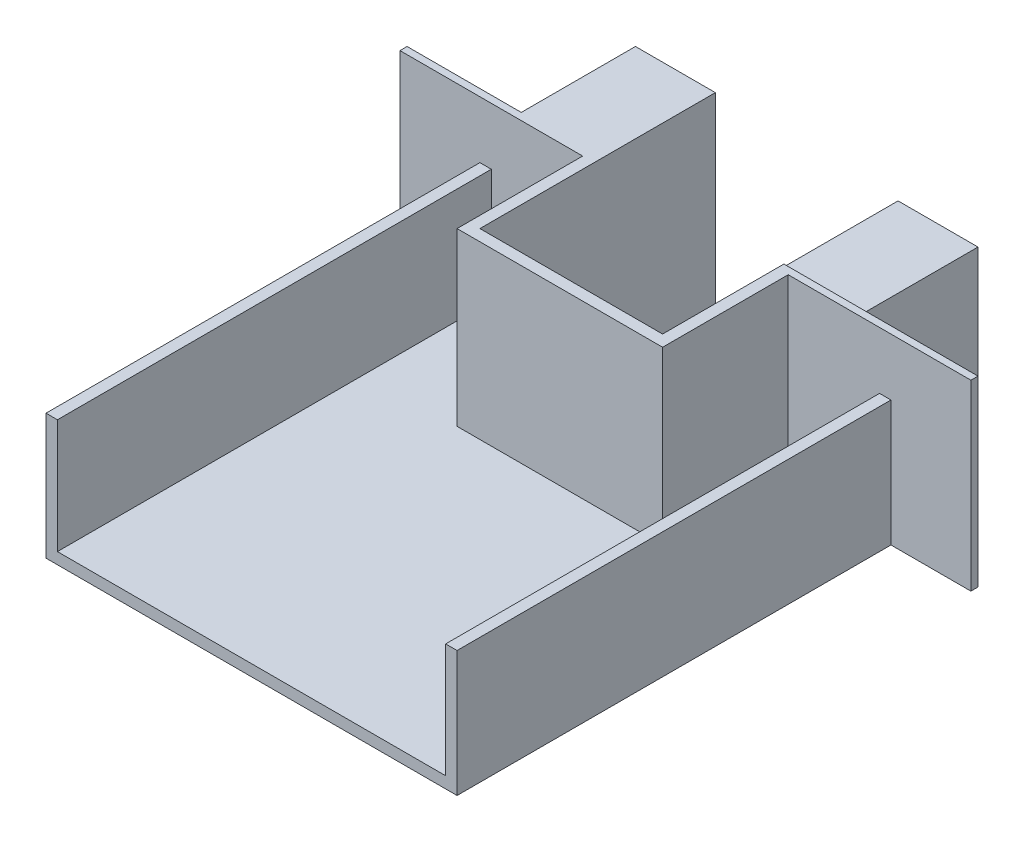
ISO-10303-21;
HEADER;
FILE_DESCRIPTION(('STEP AP214'),'2;1');
FILE_NAME('part.step','',(''),(''),'','','');
FILE_SCHEMA(('AUTOMOTIVE_DESIGN { 1 0 10303 214 1 1 1 1 }'));
ENDSEC;
DATA;
#1=APPLICATION_CONTEXT('core data for automotive mechanical design processes');
#2=APPLICATION_PROTOCOL_DEFINITION('international standard','automotive_design',2000,#1);
#3=PRODUCT_CONTEXT('',#1,'mechanical');
#4=PRODUCT('Part','Part','',(#3));
#5=PRODUCT_RELATED_PRODUCT_CATEGORY('part','',(#4));
#6=PRODUCT_DEFINITION_FORMATION('','',#4);
#7=PRODUCT_DEFINITION_CONTEXT('part definition',#1,'design');
#8=PRODUCT_DEFINITION('design','',#6,#7);
#9=PRODUCT_DEFINITION_SHAPE('','',#8);
#10=(LENGTH_UNIT() NAMED_UNIT(*) SI_UNIT(.MILLI.,.METRE.));
#11=(NAMED_UNIT(*) PLANE_ANGLE_UNIT() SI_UNIT($,.RADIAN.));
#12=(NAMED_UNIT(*) SI_UNIT($,.STERADIAN.) SOLID_ANGLE_UNIT());
#13=UNCERTAINTY_MEASURE_WITH_UNIT(LENGTH_MEASURE(1.E-05),#10,'distance_accuracy_value','');
#14=(GEOMETRIC_REPRESENTATION_CONTEXT(3) GLOBAL_UNCERTAINTY_ASSIGNED_CONTEXT((#13)) GLOBAL_UNIT_ASSIGNED_CONTEXT((#10,
#11,#12)) REPRESENTATION_CONTEXT('',''));
#15=CARTESIAN_POINT('',(0.,0.,0.));
#16=DIRECTION('',(0.,0.,1.));
#17=DIRECTION('',(1.,0.,0.));
#18=AXIS2_PLACEMENT_3D('',#15,#16,#17);
#19=CARTESIAN_POINT('',(-125.,80.,-95.));
#20=DIRECTION('',(0.,0.,-1.));
#21=DIRECTION('',(-1.,0.,0.));
#22=AXIS2_PLACEMENT_3D('',#19,#20,#21);
#23=PLANE('',#22);
#24=DIRECTION('',(0.,-1.,0.));
#25=VECTOR('',#24,1.);
#26=CARTESIAN_POINT('',(-45.,80.,-95.));
#27=LINE('',#26,#25);
#28=CARTESIAN_POINT('',(-45.,80.,-95.));
#29=VERTEX_POINT('',#28);
#30=CARTESIAN_POINT('',(-45.,5.,-95.));
#31=VERTEX_POINT('',#30);
#32=EDGE_CURVE('E204',#29,#31,#27,.T.);
#33=ORIENTED_EDGE('',*,*,#32,.F.);
#34=DIRECTION('',(1.,0.,0.));
#35=VECTOR('',#34,1.);
#36=CARTESIAN_POINT('',(-125.,80.,-95.));
#37=LINE('',#36,#35);
#38=CARTESIAN_POINT('',(-125.,80.,-95.));
#39=VERTEX_POINT('',#38);
#40=EDGE_CURVE('E216',#39,#29,#37,.T.);
#41=ORIENTED_EDGE('',*,*,#40,.F.);
#42=DIRECTION('',(0.,-1.,0.));
#43=VECTOR('',#42,1.);
#44=CARTESIAN_POINT('',(-125.,80.,-95.));
#45=LINE('',#44,#43);
#46=CARTESIAN_POINT('',(-125.,0.,-95.));
#47=VERTEX_POINT('',#46);
#48=EDGE_CURVE('E259',#39,#47,#45,.T.);
#49=ORIENTED_EDGE('',*,*,#48,.T.);
#50=DIRECTION('',(1.,0.,0.));
#51=VECTOR('',#50,1.);
#52=CARTESIAN_POINT('',(-125.,0.,-95.));
#53=LINE('',#52,#51);
#54=CARTESIAN_POINT('',(-90.,0.,-95.));
#55=VERTEX_POINT('',#54);
#56=EDGE_CURVE('E243',#47,#55,#53,.T.);
#57=ORIENTED_EDGE('',*,*,#56,.T.);
#58=DIRECTION('',(0.,-1.,0.));
#59=VECTOR('',#58,1.);
#60=CARTESIAN_POINT('',(-90.,5.,-95.));
#61=LINE('',#60,#59);
#62=CARTESIAN_POINT('',(-90.,55.,-95.));
#63=VERTEX_POINT('',#62);
#64=EDGE_CURVE('E314',#63,#55,#61,.T.);
#65=ORIENTED_EDGE('',*,*,#64,.F.);
#66=DIRECTION('',(-1.,0.,0.));
#67=VECTOR('',#66,1.);
#68=CARTESIAN_POINT('',(-90.,55.,-95.));
#69=LINE('',#68,#67);
#70=CARTESIAN_POINT('',(-85.,55.,-95.));
#71=VERTEX_POINT('',#70);
#72=EDGE_CURVE('E288',#71,#63,#69,.T.);
#73=ORIENTED_EDGE('',*,*,#72,.F.);
#74=DIRECTION('',(0.,-1.,0.));
#75=VECTOR('',#74,1.);
#76=CARTESIAN_POINT('',(-85.,55.,-95.));
#77=LINE('',#76,#75);
#78=CARTESIAN_POINT('',(-85.,5.,-95.));
#79=VERTEX_POINT('',#78);
#80=EDGE_CURVE('E290',#71,#79,#77,.T.);
#81=ORIENTED_EDGE('',*,*,#80,.T.);
#82=DIRECTION('',(-1.,0.,0.));
#83=VECTOR('',#82,1.);
#84=CARTESIAN_POINT('',(-90.,5.,-95.));
#85=LINE('',#84,#83);
#86=EDGE_CURVE('E219',#31,#79,#85,.T.);
#87=ORIENTED_EDGE('',*,*,#86,.F.);
#88=EDGE_LOOP('',(#33,#41,#49,#57,#65,#73,#81,#87));
#89=FACE_BOUND('',#88,.T.);
#90=ADVANCED_FACE('F33',(#89),#23,.F.);
#91=CARTESIAN_POINT('',(0.,5.,0.));
#92=DIRECTION('',(0.,1.,0.));
#93=DIRECTION('',(0.,0.,1.));
#94=AXIS2_PLACEMENT_3D('',#91,#92,#93);
#95=PLANE('',#94);
#96=DIRECTION('',(1.,0.,0.));
#97=VECTOR('',#96,1.);
#98=CARTESIAN_POINT('',(45.,5.,-40.));
#99=LINE('',#98,#97);
#100=CARTESIAN_POINT('',(-45.,5.,-40.));
#101=VERTEX_POINT('',#100);
#102=CARTESIAN_POINT('',(45.,5.,-40.));
#103=VERTEX_POINT('',#102);
#104=EDGE_CURVE('E460',#101,#103,#99,.T.);
#105=ORIENTED_EDGE('',*,*,#104,.F.);
#106=DIRECTION('',(0.,0.,1.));
#107=VECTOR('',#106,1.);
#108=CARTESIAN_POINT('',(-45.,5.,-40.));
#109=LINE('',#108,#107);
#110=EDGE_CURVE('E458',#31,#101,#109,.T.);
#111=ORIENTED_EDGE('',*,*,#110,.F.);
#112=ORIENTED_EDGE('',*,*,#86,.T.);
#113=DIRECTION('',(0.,0.,-1.));
#114=VECTOR('',#113,1.);
#115=CARTESIAN_POINT('',(-85.,5.,-95.));
#116=LINE('',#115,#114);
#117=CARTESIAN_POINT('',(-85.,5.,95.));
#118=VERTEX_POINT('',#117);
#119=EDGE_CURVE('E280',#118,#79,#116,.T.);
#120=ORIENTED_EDGE('',*,*,#119,.F.);
#121=DIRECTION('',(1.,0.,0.));
#122=VECTOR('',#121,1.);
#123=CARTESIAN_POINT('',(-90.,5.,95.));
#124=LINE('',#123,#122);
#125=CARTESIAN_POINT('',(84.9999999999999,5.,95.));
#126=VERTEX_POINT('',#125);
#127=EDGE_CURVE('E301',#118,#126,#124,.T.);
#128=ORIENTED_EDGE('',*,*,#127,.T.);
#129=DIRECTION('',(0.,0.,1.));
#130=VECTOR('',#129,1.);
#131=CARTESIAN_POINT('',(85.,5.,-95.));
#132=LINE('',#131,#130);
#133=CARTESIAN_POINT('',(84.9999999999999,5.,-95.));
#134=VERTEX_POINT('',#133);
#135=EDGE_CURVE('E261',#134,#126,#132,.T.);
#136=ORIENTED_EDGE('',*,*,#135,.F.);
#137=CARTESIAN_POINT('',(45.,5.,-95.));
#138=VERTEX_POINT('',#137);
#139=EDGE_CURVE('E298',#134,#138,#85,.T.);
#140=ORIENTED_EDGE('',*,*,#139,.T.);
#141=DIRECTION('',(0.,0.,-1.));
#142=VECTOR('',#141,1.);
#143=CARTESIAN_POINT('',(45.,5.,-95.));
#144=LINE('',#143,#142);
#145=EDGE_CURVE('E211',#103,#138,#144,.T.);
#146=ORIENTED_EDGE('',*,*,#145,.F.);
#147=EDGE_LOOP('',(#105,#111,#112,#120,#128,#136,#140,#146));
#148=FACE_BOUND('',#147,.T.);
#149=ADVANCED_FACE('F356',(#148),#95,.T.);
#150=DIRECTION('',(0.,-1.,0.));
#151=VECTOR('',#150,1.);
#152=CARTESIAN_POINT('',(45.,80.,-95.));
#153=LINE('',#152,#151);
#154=CARTESIAN_POINT('',(45.,80.,-95.));
#155=VERTEX_POINT('',#154);
#156=EDGE_CURVE('E348',#155,#138,#153,.T.);
#157=ORIENTED_EDGE('',*,*,#156,.T.);
#158=ORIENTED_EDGE('',*,*,#139,.F.);
#159=DIRECTION('',(0.,-1.,0.));
#160=VECTOR('',#159,1.);
#161=CARTESIAN_POINT('',(85.,55.,-95.));
#162=LINE('',#161,#160);
#163=CARTESIAN_POINT('',(85.,55.,-95.));
#164=VERTEX_POINT('',#163);
#165=EDGE_CURVE('E277',#164,#134,#162,.T.);
#166=ORIENTED_EDGE('',*,*,#165,.F.);
#167=DIRECTION('',(-1.,0.,0.));
#168=VECTOR('',#167,1.);
#169=CARTESIAN_POINT('',(90.,55.,-95.));
#170=LINE('',#169,#168);
#171=CARTESIAN_POINT('',(90.,55.,-95.));
#172=VERTEX_POINT('',#171);
#173=EDGE_CURVE('E265',#172,#164,#170,.T.);
#174=ORIENTED_EDGE('',*,*,#173,.F.);
#175=DIRECTION('',(0.,-1.,0.));
#176=VECTOR('',#175,1.);
#177=CARTESIAN_POINT('',(90.,5.,-95.));
#178=LINE('',#177,#176);
#179=CARTESIAN_POINT('',(90.,0.,-95.));
#180=VERTEX_POINT('',#179);
#181=EDGE_CURVE('E41',#172,#180,#178,.T.);
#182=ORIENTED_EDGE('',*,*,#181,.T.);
----------------------------------------
EXERCISE AIM. Pictures aside, write out verbatim every line from the first line of the material through the line holding "#31=VERTEX_POINT('',#30);".

OUTPUT BELOW.
ISO-10303-21;
HEADER;
FILE_DESCRIPTION(('STEP AP214'),'2;1');
FILE_NAME('part.step','',(''),(''),'','','');
FILE_SCHEMA(('AUTOMOTIVE_DESIGN { 1 0 10303 214 1 1 1 1 }'));
ENDSEC;
DATA;
#1=APPLICATION_CONTEXT('core data for automotive mechanical design processes');
#2=APPLICATION_PROTOCOL_DEFINITION('international standard','automotive_design',2000,#1);
#3=PRODUCT_CONTEXT('',#1,'mechanical');
#4=PRODUCT('Part','Part','',(#3));
#5=PRODUCT_RELATED_PRODUCT_CATEGORY('part','',(#4));
#6=PRODUCT_DEFINITION_FORMATION('','',#4);
#7=PRODUCT_DEFINITION_CONTEXT('part definition',#1,'design');
#8=PRODUCT_DEFINITION('design','',#6,#7);
#9=PRODUCT_DEFINITION_SHAPE('','',#8);
#10=(LENGTH_UNIT() NAMED_UNIT(*) SI_UNIT(.MILLI.,.METRE.));
#11=(NAMED_UNIT(*) PLANE_ANGLE_UNIT() SI_UNIT($,.RADIAN.));
#12=(NAMED_UNIT(*) SI_UNIT($,.STERADIAN.) SOLID_ANGLE_UNIT());
#13=UNCERTAINTY_MEASURE_WITH_UNIT(LENGTH_MEASURE(1.E-05),#10,'distance_accuracy_value','');
#14=(GEOMETRIC_REPRESENTATION_CONTEXT(3) GLOBAL_UNCERTAINTY_ASSIGNED_CONTEXT((#13)) GLOBAL_UNIT_ASSIGNED_CONTEXT((#10,
#11,#12)) REPRESENTATION_CONTEXT('',''));
#15=CARTESIAN_POINT('',(0.,0.,0.));
#16=DIRECTION('',(0.,0.,1.));
#17=DIRECTION('',(1.,0.,0.));
#18=AXIS2_PLACEMENT_3D('',#15,#16,#17);
#19=CARTESIAN_POINT('',(-125.,80.,-95.));
#20=DIRECTION('',(0.,0.,-1.));
#21=DIRECTION('',(-1.,0.,0.));
#22=AXIS2_PLACEMENT_3D('',#19,#20,#21);
#23=PLANE('',#22);
#24=DIRECTION('',(0.,-1.,0.));
#25=VECTOR('',#24,1.);
#26=CARTESIAN_POINT('',(-45.,80.,-95.));
#27=LINE('',#26,#25);
#28=CARTESIAN_POINT('',(-45.,80.,-95.));
#29=VERTEX_POINT('',#28);
#30=CARTESIAN_POINT('',(-45.,5.,-95.));
#31=VERTEX_POINT('',#30);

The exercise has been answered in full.